The input is where we are getting out data from, in our case its from the sqlite DB, so our input is going to be the sqlite jdbc plugin and we need to config it so that it knows what information to get and where to get it from.

Its pretty straight forward, and should make sense, but I’ll describe each item below

input {
    jdbc {
        jdbc_driver_library => "/usr/local/logstash-5.2.1/plugins/sqlite-jdbc-3.16.1.jar"
        jdbc_driver_class => "org.sqlite.jdbc"
        jdbc_connection_string => "jdbc:sqlite:/Library/Server/Caching/Logs/Metrics.sqlite"
        jdbc_user => ""
        schedule => "* * * * *"
        statement => "SELECT * FROM statsData"
        tracking_column => "entryindex"
        use_column_value => true

The Logstash documentation is pretty good and describes each of the above items, check out the documentation here

The only thing to really worry about here is the schedule this is in regular cron style format, with the current setting as above, Logstash will check that Metrics.sqlite database every minute and submit information to InfluxDB.

This is probably far to often for a production system, for testing its fine though as you will see almost instant results. But before you go to production you should consider running this on a more sane schedule like perhaps every hour or two or whatever suits your environment.

The filter

The filter is applied to the data that we have retrieved with the input, so here is where we are going to add some extra fields to go with our data.
Think of these fields as a way to ‘tag’ the data coming from this caching server with information about which physical caching server it is.

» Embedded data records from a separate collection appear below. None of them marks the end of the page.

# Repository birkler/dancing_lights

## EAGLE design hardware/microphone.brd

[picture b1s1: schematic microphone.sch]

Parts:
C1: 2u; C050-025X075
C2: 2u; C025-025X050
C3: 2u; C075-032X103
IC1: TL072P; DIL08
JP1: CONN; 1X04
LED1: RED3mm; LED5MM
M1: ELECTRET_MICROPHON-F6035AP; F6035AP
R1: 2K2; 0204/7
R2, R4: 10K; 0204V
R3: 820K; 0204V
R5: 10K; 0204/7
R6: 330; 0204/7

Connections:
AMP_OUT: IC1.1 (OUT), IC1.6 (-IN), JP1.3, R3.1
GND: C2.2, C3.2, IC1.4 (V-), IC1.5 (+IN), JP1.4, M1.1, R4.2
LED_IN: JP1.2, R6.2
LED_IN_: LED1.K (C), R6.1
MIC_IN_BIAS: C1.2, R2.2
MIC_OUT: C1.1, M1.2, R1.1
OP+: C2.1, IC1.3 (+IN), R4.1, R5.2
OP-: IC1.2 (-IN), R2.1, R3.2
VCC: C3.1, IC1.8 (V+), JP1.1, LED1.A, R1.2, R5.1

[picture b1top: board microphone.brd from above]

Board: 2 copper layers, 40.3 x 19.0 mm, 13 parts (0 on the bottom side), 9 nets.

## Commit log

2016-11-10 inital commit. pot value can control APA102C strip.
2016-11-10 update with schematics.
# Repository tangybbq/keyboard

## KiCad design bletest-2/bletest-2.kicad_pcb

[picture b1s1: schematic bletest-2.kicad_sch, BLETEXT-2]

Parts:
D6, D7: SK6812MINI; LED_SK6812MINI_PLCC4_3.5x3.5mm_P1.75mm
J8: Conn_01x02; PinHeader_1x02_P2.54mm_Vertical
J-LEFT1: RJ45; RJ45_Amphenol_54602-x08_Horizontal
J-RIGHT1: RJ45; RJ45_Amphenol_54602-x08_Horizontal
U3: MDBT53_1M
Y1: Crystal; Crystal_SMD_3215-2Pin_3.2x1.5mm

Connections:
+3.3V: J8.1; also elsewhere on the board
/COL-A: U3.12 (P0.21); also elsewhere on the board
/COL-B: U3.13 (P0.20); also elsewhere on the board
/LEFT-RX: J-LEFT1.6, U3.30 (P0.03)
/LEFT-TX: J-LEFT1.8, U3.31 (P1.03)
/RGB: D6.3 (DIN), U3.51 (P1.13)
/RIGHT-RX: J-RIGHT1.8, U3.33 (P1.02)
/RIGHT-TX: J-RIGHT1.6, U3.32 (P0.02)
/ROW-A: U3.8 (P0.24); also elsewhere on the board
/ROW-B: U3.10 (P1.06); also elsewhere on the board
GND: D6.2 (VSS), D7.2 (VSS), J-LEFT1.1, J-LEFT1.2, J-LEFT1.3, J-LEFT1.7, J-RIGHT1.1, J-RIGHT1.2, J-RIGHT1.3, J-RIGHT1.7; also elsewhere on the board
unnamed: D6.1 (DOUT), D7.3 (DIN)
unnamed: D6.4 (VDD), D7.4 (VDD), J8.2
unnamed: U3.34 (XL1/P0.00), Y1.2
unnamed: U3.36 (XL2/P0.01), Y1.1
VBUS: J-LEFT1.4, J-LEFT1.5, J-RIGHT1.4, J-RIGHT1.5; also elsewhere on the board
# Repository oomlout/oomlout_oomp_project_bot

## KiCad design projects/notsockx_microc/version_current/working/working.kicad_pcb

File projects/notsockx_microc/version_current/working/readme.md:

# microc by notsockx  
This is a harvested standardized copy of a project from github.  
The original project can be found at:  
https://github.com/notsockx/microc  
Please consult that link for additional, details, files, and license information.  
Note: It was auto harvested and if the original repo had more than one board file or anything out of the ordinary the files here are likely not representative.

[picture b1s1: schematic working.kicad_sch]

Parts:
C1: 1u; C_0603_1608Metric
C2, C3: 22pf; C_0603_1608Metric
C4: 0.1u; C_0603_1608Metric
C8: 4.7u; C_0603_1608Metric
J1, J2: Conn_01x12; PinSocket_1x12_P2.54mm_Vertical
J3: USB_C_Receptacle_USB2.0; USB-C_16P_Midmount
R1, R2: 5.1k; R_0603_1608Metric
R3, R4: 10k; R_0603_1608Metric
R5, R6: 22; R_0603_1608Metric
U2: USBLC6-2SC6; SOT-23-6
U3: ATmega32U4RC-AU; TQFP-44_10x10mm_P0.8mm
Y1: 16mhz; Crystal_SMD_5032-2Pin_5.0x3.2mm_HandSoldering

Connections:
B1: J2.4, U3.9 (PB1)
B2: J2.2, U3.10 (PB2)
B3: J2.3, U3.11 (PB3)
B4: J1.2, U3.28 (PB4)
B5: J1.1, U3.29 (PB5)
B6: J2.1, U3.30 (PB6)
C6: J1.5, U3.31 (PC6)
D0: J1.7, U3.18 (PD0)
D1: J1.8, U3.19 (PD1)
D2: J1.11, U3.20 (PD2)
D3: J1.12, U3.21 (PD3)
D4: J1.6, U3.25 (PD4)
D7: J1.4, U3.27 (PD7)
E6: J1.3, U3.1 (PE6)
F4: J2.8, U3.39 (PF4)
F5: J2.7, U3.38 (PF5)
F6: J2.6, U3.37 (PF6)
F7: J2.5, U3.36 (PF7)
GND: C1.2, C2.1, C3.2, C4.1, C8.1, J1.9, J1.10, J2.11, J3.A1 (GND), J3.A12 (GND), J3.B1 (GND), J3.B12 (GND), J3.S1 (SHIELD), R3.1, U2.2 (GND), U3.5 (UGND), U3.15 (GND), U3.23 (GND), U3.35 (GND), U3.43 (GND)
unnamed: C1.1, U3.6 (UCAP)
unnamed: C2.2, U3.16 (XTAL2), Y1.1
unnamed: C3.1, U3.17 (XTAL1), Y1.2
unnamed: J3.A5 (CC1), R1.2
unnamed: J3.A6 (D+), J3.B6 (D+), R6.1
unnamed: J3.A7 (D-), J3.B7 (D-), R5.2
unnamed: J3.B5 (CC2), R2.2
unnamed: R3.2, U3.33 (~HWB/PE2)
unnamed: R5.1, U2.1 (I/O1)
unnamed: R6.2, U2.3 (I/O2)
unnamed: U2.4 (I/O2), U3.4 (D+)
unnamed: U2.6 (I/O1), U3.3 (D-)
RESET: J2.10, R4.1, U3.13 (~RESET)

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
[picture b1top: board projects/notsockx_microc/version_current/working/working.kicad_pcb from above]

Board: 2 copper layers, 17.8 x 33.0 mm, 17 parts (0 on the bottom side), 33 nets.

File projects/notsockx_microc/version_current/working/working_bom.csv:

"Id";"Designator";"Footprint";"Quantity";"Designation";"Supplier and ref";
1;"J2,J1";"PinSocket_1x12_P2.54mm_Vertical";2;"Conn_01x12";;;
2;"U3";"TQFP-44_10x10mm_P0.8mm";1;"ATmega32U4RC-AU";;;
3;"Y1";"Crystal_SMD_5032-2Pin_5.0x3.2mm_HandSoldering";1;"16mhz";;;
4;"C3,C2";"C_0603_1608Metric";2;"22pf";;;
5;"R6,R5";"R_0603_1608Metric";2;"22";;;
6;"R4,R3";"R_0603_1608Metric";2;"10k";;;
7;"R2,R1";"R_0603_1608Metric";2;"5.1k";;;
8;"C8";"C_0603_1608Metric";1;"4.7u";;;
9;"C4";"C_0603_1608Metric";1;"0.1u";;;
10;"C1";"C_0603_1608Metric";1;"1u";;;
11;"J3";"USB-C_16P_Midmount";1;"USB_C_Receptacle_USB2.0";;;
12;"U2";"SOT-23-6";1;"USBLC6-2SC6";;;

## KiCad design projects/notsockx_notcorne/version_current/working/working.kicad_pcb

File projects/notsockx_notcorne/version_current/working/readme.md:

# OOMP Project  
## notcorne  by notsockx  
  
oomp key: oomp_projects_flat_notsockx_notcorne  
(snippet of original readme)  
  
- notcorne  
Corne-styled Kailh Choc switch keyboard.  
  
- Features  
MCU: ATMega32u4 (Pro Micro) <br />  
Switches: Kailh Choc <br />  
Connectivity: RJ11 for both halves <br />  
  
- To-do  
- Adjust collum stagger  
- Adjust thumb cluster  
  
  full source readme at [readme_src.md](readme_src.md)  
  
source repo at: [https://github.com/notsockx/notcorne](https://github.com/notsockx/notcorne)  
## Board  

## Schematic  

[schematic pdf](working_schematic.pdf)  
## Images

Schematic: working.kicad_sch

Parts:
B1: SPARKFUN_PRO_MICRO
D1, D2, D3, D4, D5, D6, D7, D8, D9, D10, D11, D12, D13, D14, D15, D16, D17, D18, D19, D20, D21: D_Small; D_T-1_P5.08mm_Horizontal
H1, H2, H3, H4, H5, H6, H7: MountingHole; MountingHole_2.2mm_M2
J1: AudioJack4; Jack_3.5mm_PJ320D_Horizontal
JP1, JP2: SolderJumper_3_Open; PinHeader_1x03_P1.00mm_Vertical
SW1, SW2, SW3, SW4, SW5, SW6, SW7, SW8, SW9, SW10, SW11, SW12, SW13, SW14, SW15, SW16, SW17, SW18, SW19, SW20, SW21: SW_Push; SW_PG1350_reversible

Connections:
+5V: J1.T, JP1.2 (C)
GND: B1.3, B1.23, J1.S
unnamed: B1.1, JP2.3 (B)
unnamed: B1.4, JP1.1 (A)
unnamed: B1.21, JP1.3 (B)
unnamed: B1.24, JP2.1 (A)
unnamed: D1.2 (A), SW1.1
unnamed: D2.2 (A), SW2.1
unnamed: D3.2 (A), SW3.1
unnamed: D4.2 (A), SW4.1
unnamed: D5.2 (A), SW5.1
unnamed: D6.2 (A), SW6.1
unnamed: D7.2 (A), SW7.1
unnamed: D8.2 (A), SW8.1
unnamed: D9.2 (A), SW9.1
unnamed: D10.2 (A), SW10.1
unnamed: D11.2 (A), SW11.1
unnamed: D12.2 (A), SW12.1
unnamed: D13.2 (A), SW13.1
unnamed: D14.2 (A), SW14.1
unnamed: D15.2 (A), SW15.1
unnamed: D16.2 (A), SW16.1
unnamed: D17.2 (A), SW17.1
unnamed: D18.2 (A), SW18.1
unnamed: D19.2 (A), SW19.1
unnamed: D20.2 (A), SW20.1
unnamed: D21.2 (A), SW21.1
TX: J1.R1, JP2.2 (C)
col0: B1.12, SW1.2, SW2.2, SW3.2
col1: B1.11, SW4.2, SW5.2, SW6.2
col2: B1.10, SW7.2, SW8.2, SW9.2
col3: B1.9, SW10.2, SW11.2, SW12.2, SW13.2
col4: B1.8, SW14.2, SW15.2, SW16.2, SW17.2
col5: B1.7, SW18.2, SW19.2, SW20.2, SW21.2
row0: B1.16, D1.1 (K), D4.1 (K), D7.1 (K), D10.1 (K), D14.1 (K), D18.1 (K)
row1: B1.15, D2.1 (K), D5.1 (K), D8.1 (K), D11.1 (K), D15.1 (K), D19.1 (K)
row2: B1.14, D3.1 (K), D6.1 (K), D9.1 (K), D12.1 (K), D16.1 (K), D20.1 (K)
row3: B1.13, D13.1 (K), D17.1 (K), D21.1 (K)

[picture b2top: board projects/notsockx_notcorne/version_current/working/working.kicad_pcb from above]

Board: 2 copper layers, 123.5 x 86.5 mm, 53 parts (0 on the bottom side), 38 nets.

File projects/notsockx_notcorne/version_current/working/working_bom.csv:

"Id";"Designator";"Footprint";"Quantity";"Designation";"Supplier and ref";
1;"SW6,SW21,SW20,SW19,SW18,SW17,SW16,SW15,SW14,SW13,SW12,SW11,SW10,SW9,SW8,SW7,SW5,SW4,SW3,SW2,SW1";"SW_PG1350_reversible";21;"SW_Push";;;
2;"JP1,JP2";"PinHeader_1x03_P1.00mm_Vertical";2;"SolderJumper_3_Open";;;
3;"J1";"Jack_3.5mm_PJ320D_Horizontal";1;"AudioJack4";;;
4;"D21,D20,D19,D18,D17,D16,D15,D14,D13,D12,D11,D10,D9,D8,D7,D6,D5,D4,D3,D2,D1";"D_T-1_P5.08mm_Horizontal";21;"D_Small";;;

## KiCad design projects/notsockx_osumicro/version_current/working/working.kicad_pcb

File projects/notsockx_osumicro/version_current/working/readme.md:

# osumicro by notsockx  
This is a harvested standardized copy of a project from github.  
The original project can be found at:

In my environment I have 3 tags that I want the data to have that I can search on and group with. In my case:

region – This is the physical region of where the server is located

site_code –  This is a unique number that each site is assigned

school_type  – In my case this is either primary school or high school

filter {
    date {
        match => [ "collectiondate", "UNIX" ]
        remove_field => [ "collectiondate" ]
    date {
        match => [ "expirationdate", "UNIX" ]
        remove_field => [ "expirationdate" ]
        target => "expiration"
    mutate {
        add_field => {
            "region" => "Northern region"
            "site_code" => "1234"
            "school_type" => "Primary School"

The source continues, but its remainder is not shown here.